A veces leo en las revistas que la memoria es mucho mayor de lo que nos podemos imaginar, y que todo lo que nos marca queda almacenado. La diferencia es si tenemos acceso a ello o no. Y me lo creo, sobre todo cuando me pongo a escuchar canciones que llevaba sin repasar desde hace años. Esas que escuchaba en el autobús camino de la universidad, en primero, cuando todo era nuevo.

Y ahora que me quedan tres semanas para -con suerte- licenciarme y todo ha cambiado tanto, al escuchar a Sabina cantar El rocanrol de los idiotas o Quién me ha robado el mes de abril me acuerdo perfectamente de muchísimos detalles de aquella época, que estaban almacenados en mi cabeza sin que yo fuese consciente: un gesto, una conversación, un juego, una carta. A veces, la música es una llave.

“Y sin equívocos de vodevil, ni alertas rojas en el corazón, el dios de la tormenta quiso abrir la caja de los truenos y tronó. Porque quiso el cielo acariciar el suelo con su gota a gota, y con champú de arena para tu melena de muñeca rota…”

Para quienes prefieran escucharla en Spotify.

2 thoughts on “Qué disparate de partida de ajedrez con una partenaire adicta al Jaque Mate…”

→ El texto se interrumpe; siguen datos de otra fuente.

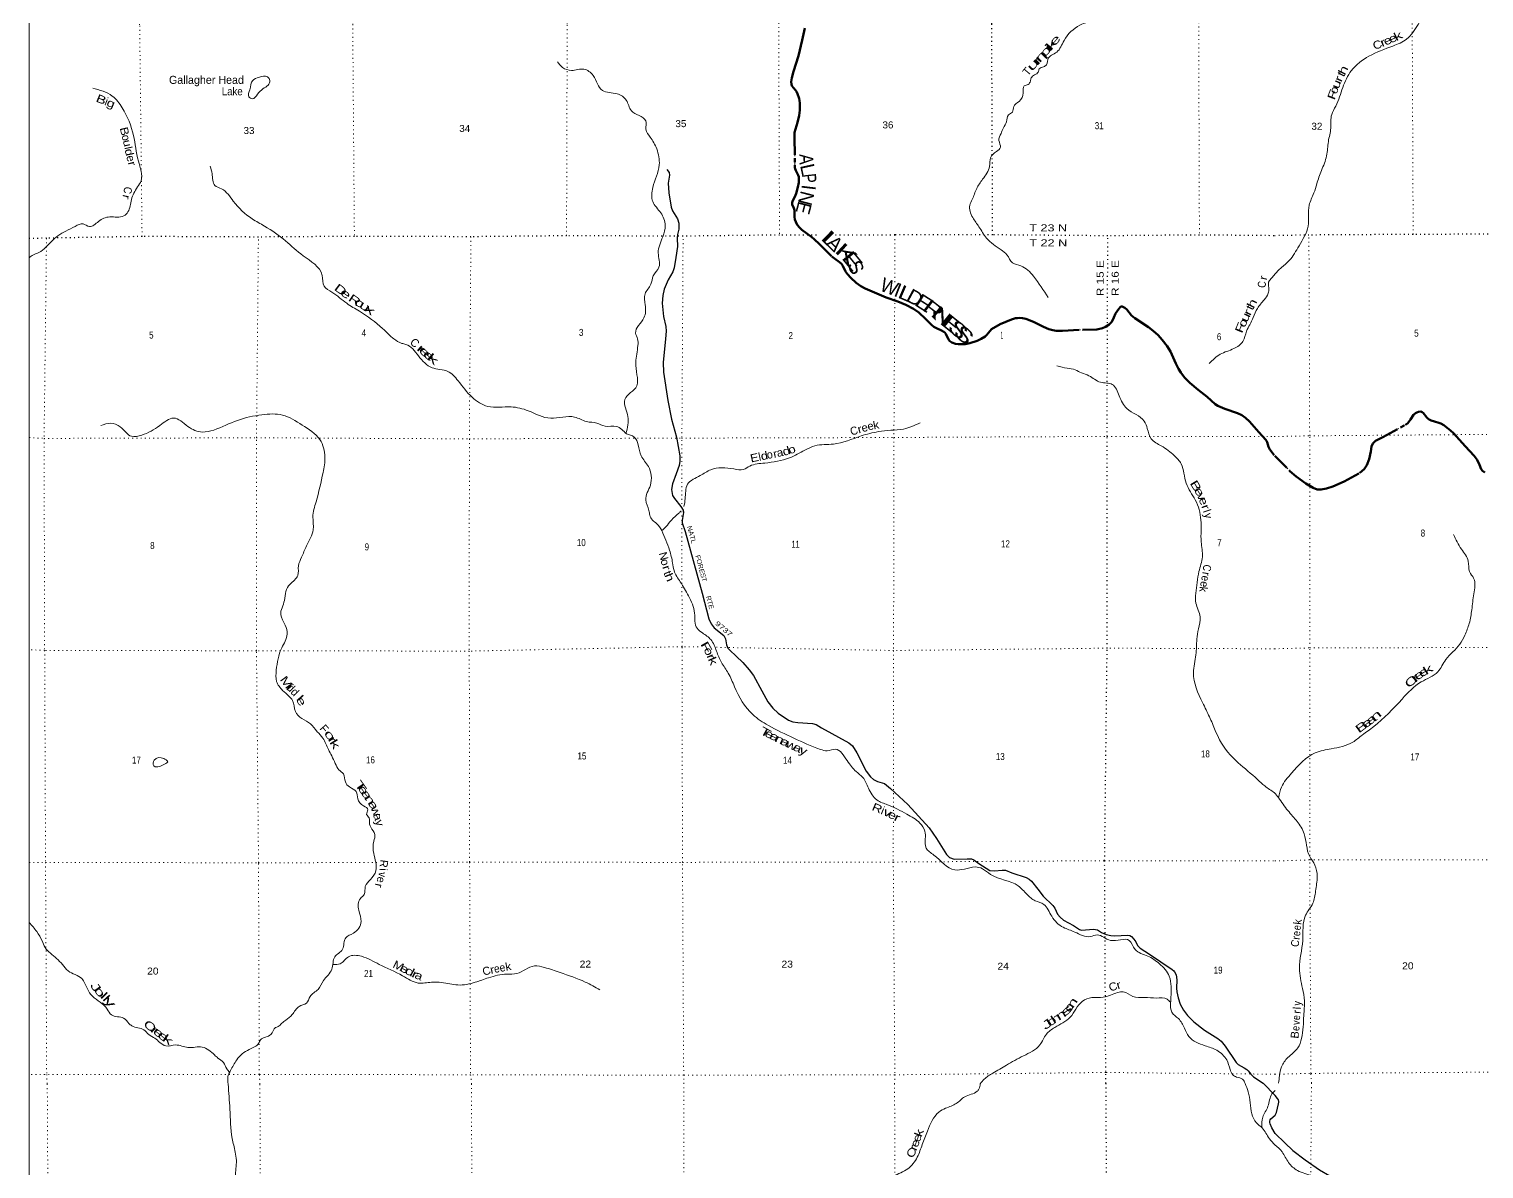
# Model space of a CAD drawing. Header units: feet. Extents: x -8 to 250644, y -192250 to 1368.
# Drawn here: x -2 to 36360, y -47975 to -19481 of the extents above; entities that cross this region are included whole.
import ezdxf
from ezdxf.enums import TextEntityAlignment as Align

# ---------------------------------------------------------------- set-up
doc = ezdxf.new("R2010")
doc.units = ezdxf.units.FT
doc.header["$LTSCALE"] = 70
for name, pattern in [('DOT_DASHED', [7.7, 5, -1.2, 0.3, -1.2]), ('DOTTED', [1.5, 0.3, -1.2]), ('LONG_DASH_SHORT_DASH', [9.9, 6, -1.2, 1.5, -1.2])]:
    doc.linetypes.add(name, pattern=pattern)
for name, color, linetype, lineweight in [('11', 7, 'LONG_DASH_SHORT_DASH', 60), ('29', 7, 'Continuous', 25), ('39', 7, 'Continuous', 13), ('4', 7, 'Continuous', 13), ('44', 7, 'DOT_DASHED', 13), ('6', 7, 'DOTTED', 25), ('7', 7, 'DOTTED', 13)]:
    doc.layers.add(name, color=color, linetype=linetype, lineweight=lineweight)
doc.layers.add('30', color=7, linetype='Continuous')
doc.layers.add('41', color=7, linetype='Continuous')

msp = doc.modelspace()

# ---------------------------------------------------------------- linework, layer by layer
at = {"layer": '11'}
for points in [[(19390.22, -19459.37), (19322.21, -19761.68), (19230.3, -20145.51), (19107.14, -20541.84), (19063.84, -20695.28), (19049.45, -20802.06), (19051.9, -20859.64), (19062.96, -20898.28), (19101.31, -20950.05), (19152.81, -21003.75), (19177.51, -21036.72), (19202.98, -21096.52), (19242.82, -21213.71), (19255.32, -21265.53), (19264.25, -21334.73), (19260.78, -21504.33), (19245.1, -21637.77), (19202.27, -21812.4), (19132.64, -22065.17), (19128.83, -22201.12), (19137.74, -22878.53), (19140.79, -22941.52), (19148.08, -22975.74), (19162.98, -23015.92), (19221.14, -23136.3), (19234.32, -23176.29), (19239.47, -23217.15), (19234.11, -23314.96), (19211.7, -23434.52), (19169.11, -23587.23), (19139.94, -23673.79), (19076.16, -23785.37), (19066.43, -23823.67), (19072.39, -23866.04), (19115.1, -23961.34), (19128.16, -24010.03), (19131.3, -24081.94), (19130.35, -24176.48), (19137.88, -24239), (19159.33, -24301.59), (19199, -24375.01), (19259.35, -24450.75), (19314.98, -24502.21), (19439.88, -24592.51), (19564.08, -24679.85), (19620.35, -24729.38), (19754.7, -24858.2), (20059.63, -25162.23), (20125.57, -25218.46), (20256.92, -25309.73), (20300.78, -25351.07), (20335.12, -25400.74), (20404.7, -25540.17), (20454.12, -25610), (20534.59, -25697.01), (20672.5, -25825.5), (20782.93, -25905.2), (20893.76, -25962.41), (21125.45, -26068.97), (21420.71, -26188.61), (21710.01, -26292.07), (21907.99, -26372.63), (22104.17, -26473.2), (22238.27, -26562.04), (22412.22, -26733.83), (22495.2, -26818.94), (22556.42, -26877.65), (22614.43, -26922.98), (22677.98, -26957.77), (22806.15, -27013.97), (22864.05, -27044.96), (22886.46, -27064.39), (22909.33, -27096.44), (22973.96, -27239.05), (23007.46, -27281.65), (23061.69, -27313.79), (23154.12, -27344.8), (23219.55, -27355.99), (23287.9, -27360.03), (23391.06, -27353.42), (23514.24, -27328.15), (23693.62, -27271.18), (23794.04, -27225.57), (23894.2, -27165.19), (23936.96, -27125.59), (24049.25, -26983.99), (24269.29, -26854.67), (24549.47, -26739.1), (24654.51, -26710.12), (24700.46, -26704.31), (24756.64, -26701.21), (24830.07, -26710.34), (24908.8, -26726.12)], [(24908.8, -26726.12), (25104.35, -26802.82), (25350.1, -26923.52), (25484.12, -26981.77), (25588.63, -27010.45), (25673, -27024), (25826.35, -27023.17), (26332.36, -26996.54), (26682.34, -26989.81), (26830.37, -26958.56), (26902.68, -26927.47), (26992.25, -26867.21), (27052.87, -26804.13), (27084.91, -26751.97), (27110.53, -26693.38), (27155.2, -26594.43), (27231.6, -26471.56), (27274.4, -26422.8), (27297.96, -26415.68), (27319.05, -26417.49), (27352.65, -26429.14), (27381.29, -26445.07), (27436.46, -26491.03), (27554.67, -26639.38), (27636.01, -26709.14), (27977.54, -26931.4), (28095.33, -27020.69), (28217.99, -27132.41), (28322.25, -27246.07), (28442.96, -27407.61), (28523.05, -27542.17), (28660.45, -27842.27), (28725.1, -27971.97), (28781.25, -28064), (28875.54, -28188), (29005.82, -28325.58), (29220.65, -28500.37), (29442.13, -28671.89), (29640.25, -28857.03), (29707.95, -28902.53), (29884.39, -28972.4), (30202.27, -29082.82), (30309.74, -29131.72), (30402.86, -29194.93), (30497.08, -29289.43), (30736.15, -29560.07), (30906.68, -29748.76), (30929.01, -29777.9), (30942.28, -29806.32), (30973.51, -29923.44), (31009.75, -29988.6), (31120.13, -30135.69)], [(31134.76, -30150.42), (31510.09, -30528.29), (31664.05, -30667.98), (31910.31, -30841.5), (32092.97, -30952.45), (32193.86, -30987.84), (32294.76, -30994), (32422.43, -30969.45), (32579.89, -30914.33), (32867.09, -30791.62), (33260.57, -30576.75), (33367.97, -30486.22), (33436.47, -30381.98), (33489.1, -30234.68), (33537.21, -30043.3), (33550.41, -29917.65), (33584.31, -29839.03), (33584.31, -29839.03), (33653.39, -29774.37), (33831.12, -29681.32), (34399.82, -29376.9), (34458.26, -29329.9), (34524.11, -29236.57), (34602.13, -29123.84), (34646.39, -29084.69), (34684.36, -29063.57), (34724.77, -29049.45), (34781.94, -29044.44), (34818.37, -29056.24), (34841, -29073.25), (34932.34, -29191.71), (34955.91, -29217.72), (34988.82, -29241.98), (35041.91, -29265.23), (35129.13, -29292.29), (35235.94, -29323.51), (35285.3, -29342.49), (35356.04, -29382.79), (35527.47, -29517.41), (35598.63, -29583.02), (35677.85, -29667.81), (35887.94, -29910.82), (36117.35, -30152.31), (36193.72, -30245.35), (36246.61, -30373.2), (36291.97, -30479.58), (36323.22, -30523.2), (36379.56, -30567.25)]]:
    msp.add_lwpolyline(points, dxfattribs=at)
at = {"layer": '29'}
msp.add_line((31142.42, -46137.51), (30842.74, -45830.65), dxfattribs=at)
for points in [[(15938.53, -22992.3), (15994.89, -23063.27), (16004.73, -23130.82), (15972.95, -23335.82), (15985.24, -23576.9), (16048.05, -23929.22), (16081.8, -24020.77), (16208.11, -24223.47), (16237.08, -24331.15), (16238.42, -24480.6), (16201.64, -24614.87), (16198.67, -24705.7), (16206.91, -24912.64), (16159.22, -25194.02), (16124.84, -25445.35), (16083.59, -25551.8), (15973.76, -25748.9), (15871.98, -25978.14), (15835.4, -26142.83), (15824.37, -26331.85), (15856.77, -26667.34), (15913.09, -26912.36), (15924.01, -27035.37), (15905.45, -27227.82), (15846.11, -27818.65), (15858.4, -28059.73), (15959.28, -28764.79), (16053.87, -29228.75), (16182.47, -29684.61), (16266.61, -30147.43), (16266.61, -30283.38), (16243.32, -30389.74), (16169.53, -30598.84), (16079.77, -30848.14), (16053.96, -30992.68), (16080.11, -31137.47), (16130.75, -31217.29), (16288.54, -31412.36), (16349.31, -31506.93), (16352.76, -31568.96), (16316.96, -31761.91), (16319.78, -31826.11), (16399.33, -32041.05), (16821.36, -33585.38), (16990.19, -34219.99), (17046.34, -34347.09), (17120.53, -34448.81), (17359.41, -34642.63), (17404.99, -34719.53), (17427.19, -34874.21), (17459.82, -34952.95), (17509.39, -35010.68), (17673.65, -35159.07), (17839.92, -35317.5), (17997.36, -35496.75), (18102.43, -35636.49), (18313, -36023.89), (18465.4, -36300.88), (18588.06, -36454.31), (18723.92, -36578.44), (18976.2, -36754.04), (19084.24, -36800.09), (19208.4, -36817.91), (19578.62, -36837.33), (19669.03, -36865.11), (19806.87, -36949.43), (20490.1, -37320.24), (20575.8, -37400.11), (20686.07, -37576.73), (20920.73, -38034.4), (21027.64, -38177.32), (21104.43, -38242.34), (21199.18, -38291.08), (21376.15, -38342.82), (21531.55, -38465.28), (21958.24, -38862.33), (22497.21, -39446.04), (22675.62, -39712.94), (22930.22, -40112.32), (23006.48, -40189.96), (23122.46, -40228.5), (23446.63, -40225.9), (23555.83, -40225.43), (23614.74, -40247.7), (23736.91, -40335.88), (24010.67, -40515.06), (24125.34, -40526.05), (24317.41, -40505.61), (24406.44, -40509.15), (24557.62, -40569.47), (24921.95, -40689.36), (24997.14, -40730.8), (25056.21, -40784), (25212.44, -40980.17), (25344.72, -41154.74), (25589.12, -41393.39), (25635.09, -41457.84), (25699.43, -41608.18), (25765.05, -41682.45), (25853.69, -41754.57), (26100.95, -41893.68)], [(26100.95, -41893.68), (26255.32, -41992.76), (26302.22, -42006.92), (26598.35, -41984.28), (26698.35, -41998.67), (26800.55, -42062.27), (26916.91, -42116.89), (27036.76, -42138.19), (27123.65, -42146.45), (27456.97, -42129.39), (27507.6, -42140.54), (27548.95, -42164.18), (27613.93, -42235.11), (27661.19, -42294.22), (27703.41, -42390.14), (27767.51, -42453.81), (28003.83, -42610.61), (28564.95, -42985.79), (28612.21, -43024.21), (28624.66, -43045.49), (28668.32, -43121.73), (28682.93, -43248.31), (28680.14, -43455.7), (28687.28, -43547.68), (28718.53, -43701), (28769.69, -43856.95), (28848.48, -44006.88), (28954.12, -44141.93), (29108.39, -44299.47), (29372.77, -44508.86), (29707.18, -44713.19), (29790.64, -44782.68), (29891.51, -44905.74), (30171.65, -45314.65), (30220.21, -45361.24), (30370.4, -45449.37), (30430.47, -45487.44), (30469.95, -45524.49), (30537.88, -45610.2), (30599.9, -45672.26), (30842.74, -45830.65)], [(31143.1, -46629.76), (31180.09, -46561.8), (31226.7, -46348.84), (31234.81, -46306.24), (31233.83, -46287.83), (31222.65, -46251.48), (31202.77, -46212.25), (31142.42, -46137.51)], [(31143.73, -47086.58), (31058.47, -46951.21), (31015.91, -46851.83), (31009.83, -46815.32), (31009.83, -46784.9), (31019.96, -46746.37), (31038.2, -46722.03), (31143.1, -46629.76)], [(31143.73, -47086.58), (31383.28, -47325.84), (31584.36, -47513.1), (31888.38, -47744.96), (32254.86, -47993.96), (32505.69, -48146.53), (32694.18, -48281.73), (32884.76, -48439.37), (33210.15, -48774.93), (33269.82, -48821.23), (33359, -48878.02), (33600.41, -48999.61), (34286.82, -49308.24), (34374.48, -49374.94), (35950.79, -50895.56), (36105.44, -51062.41), (37115.66, -52383.71), (37216.18, -52555.18), (37330.39, -52860.79), (37689.03, -54091.95), (37805.47, -54414.38), (37991.21, -54819.86), (38429.48, -55579.61)]]:
    msp.add_lwpolyline(points, dxfattribs=at)
at = {"layer": '39'}
for points in [[(29234.72, -18550.65), (28851.49, -18669.8), (28607.28, -18775.48), (28323.15, -18808.43), (27964.6, -18822.9), (27337.92, -18892.55), (27095.81, -18982.12), (26930.19, -19078.09), (26631.37, -19231.9), (26264.1, -19381.35), (25865.47, -19766.46), (25684.8, -20055.83), (25551.49, -20135.83), (25480.69, -20199.99), (25427.47, -20373.07), (25354.74, -20421.1), (25247.74, -20473.01), (25221.16, -20555.51), (25130.18, -20625.63), (25043.21, -20701.81), (25026.72, -20778.32), (24969.92, -20862.7), (24869.04, -20900.53), (24846.03, -21073.74), (24740.26, -21286.88), (24606.7, -21417.26), (24573.79, -21556.17), (24478.78, -21628.28), (24425.6, -21795.31), (24350.31, -21952.16), (24291.24, -22088.93), (24238.01, -22266.04), (24277.45, -22435.51), (24178.25, -22541.87), (24030.47, -22696.37), (24005.23, -22913.91), (23830.45, -23235.56), (23682.29, -23468.66), (23570.19, -23740.21), (23509.06, -23885.03), (23584.09, -24189.7), (23738.03, -24422.18), (23929.96, -24707.23), (24291.04, -24999.11), (24439.45, -25124.75), (24579.47, -25320.89), (24788.53, -25400.46), (25101.43, -25659.87), (25467.35, -26193.62)], [(34980.26, -18896.45), (34715.06, -19364.45), (34427.94, -19731.68), (34083.98, -19903.66), (33486.49, -20158.8), (33046.31, -20522.35), (32833.81, -20939.77), (32655.65, -21409.47), (32555.44, -21619.17), (32532.03, -21953.57), (32472.39, -22294.1), (32428.89, -22648.69), (32300.83, -23013.54), (32180.78, -23352.19), (32110.81, -23577.94), (31992.69, -23882.34), (31967.7, -24408.1), (31739.24, -24898.06), (31494.4, -25265.19), (31299.47, -25438.85), (31113.82, -25631.08)], [(14917.08, -29594.09), (14966.16, -29166.08), (14900.75, -28952.15), (14887.69, -28742.49), (15187.43, -28399.25), (15190.81, -28121.15), (15160.11, -27812.66), (15214.54, -27391.7), (15205.28, -27226.4), (15157.66, -27081.07), (15366.98, -26697.1), (15396.75, -26376.8), (15394.09, -26098.67), (15540.28, -25857.5), (15597.68, -25652.2), (15739.73, -25433.18), (15723.36, -25076.39), (15836.11, -24671.82), (15897.93, -24385.92), (15786.68, -24075.04), (15586.67, -23793.98), (15588.41, -23439.29), (15748.25, -22877.74), (15683.78, -22472.35), (15520.07, -22181.39), (15414.3, -21983.39), (15409.3, -21771.76), (15242.77, -21644.02), (15052.05, -21522.21), (14924.45, -21257.61), (14697.66, -21099.36), (14327.52, -21013.01), (14093.71, -20641.1), (13866.91, -20482.85), (13552.59, -20513.64), (13333.42, -20442.09), (13201.22, -20296.38)], [(5840.95, -20975.78), (6017.18, -20769.01), (5953.19, -20676.01), (5741.67, -20687.12), (5588.24, -20763), (5514.59, -20996.44), (5493.59, -21171.68), (5575.91, -21222.44), (5707.38, -21108.17), (5840.95, -20975.78)], [(1587.6, -20958.12), (2076.02, -21153.86), (2326.31, -21449.26), (2606.89, -22139.81), (2728.6, -22781.26), (2796.66, -23275.33), (2709.31, -23428.1), (2554.7, -23743.79), (2468.6, -24051.75), (2367.41, -24152.05), (2012.85, -24174.59), (1732.34, -24290.19), (1506.16, -24416.11), (1345.38, -24348.86), (1147.7, -24412.43), (713.52, -24652.27), (414.07, -24935.05), (244.26, -25065.26), (107.04, -25121.06), (-1.86, -25198.44)], [(4524.4, -22910.48), (4569.81, -23096.11), (4642.89, -23388.67), (4807.61, -23474.08), (5102.14, -23783.79), (5571.24, -24223.29), (5882.5, -24406.11), (6408.33, -24777.36), (6845.56, -25146.18), (7320.45, -25638.1), (7373.5, -25908.41), (7566.11, -26056.42), (7937.31, -26336.26), (8252.53, -26533.2), (8834.43, -26969.2), (9115.12, -27226.45), (9313.95, -27338.21), (9414.53, -27362.86), (9729.31, -27650.5), (10070.22, -27946.32), (10462.5, -28036.81), (10719.13, -28271.78), (11069.55, -28682.52), (11461.13, -28914.08), (12045.12, -28924.84), (12473.6, -29023.56), (13034.58, -29209.55), (13630.86, -29178.05), (13930.38, -29292.29), (14187.97, -29331.77), (14393.02, -29407.29), (14680.97, -29416.68), (14927.44, -29601.87)], [(29493.18, -27842.66), (29770.23, -27610.16), (30113.3, -27466.64), (30335.71, -27288.3), (30427.62, -27028.75), (30506.93, -26871.92), (30594.44, -26686.91), (30698.26, -26461.67), (30868.47, -26248.83), (30969.97, -26086.05), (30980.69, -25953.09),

  1. Mira, si Sabina tenia voz. La verdad es que es como los Simpsons, desde que le cambiaron la voz al prota ya no mola tanto…

  2. La música nos marca mucho más de lo que creemos. Pasa el tiempo y canciones que pensábamos que las conocíamos nos sorprenden con nuevos significados, cambiando incluso nuestra forma de pensar.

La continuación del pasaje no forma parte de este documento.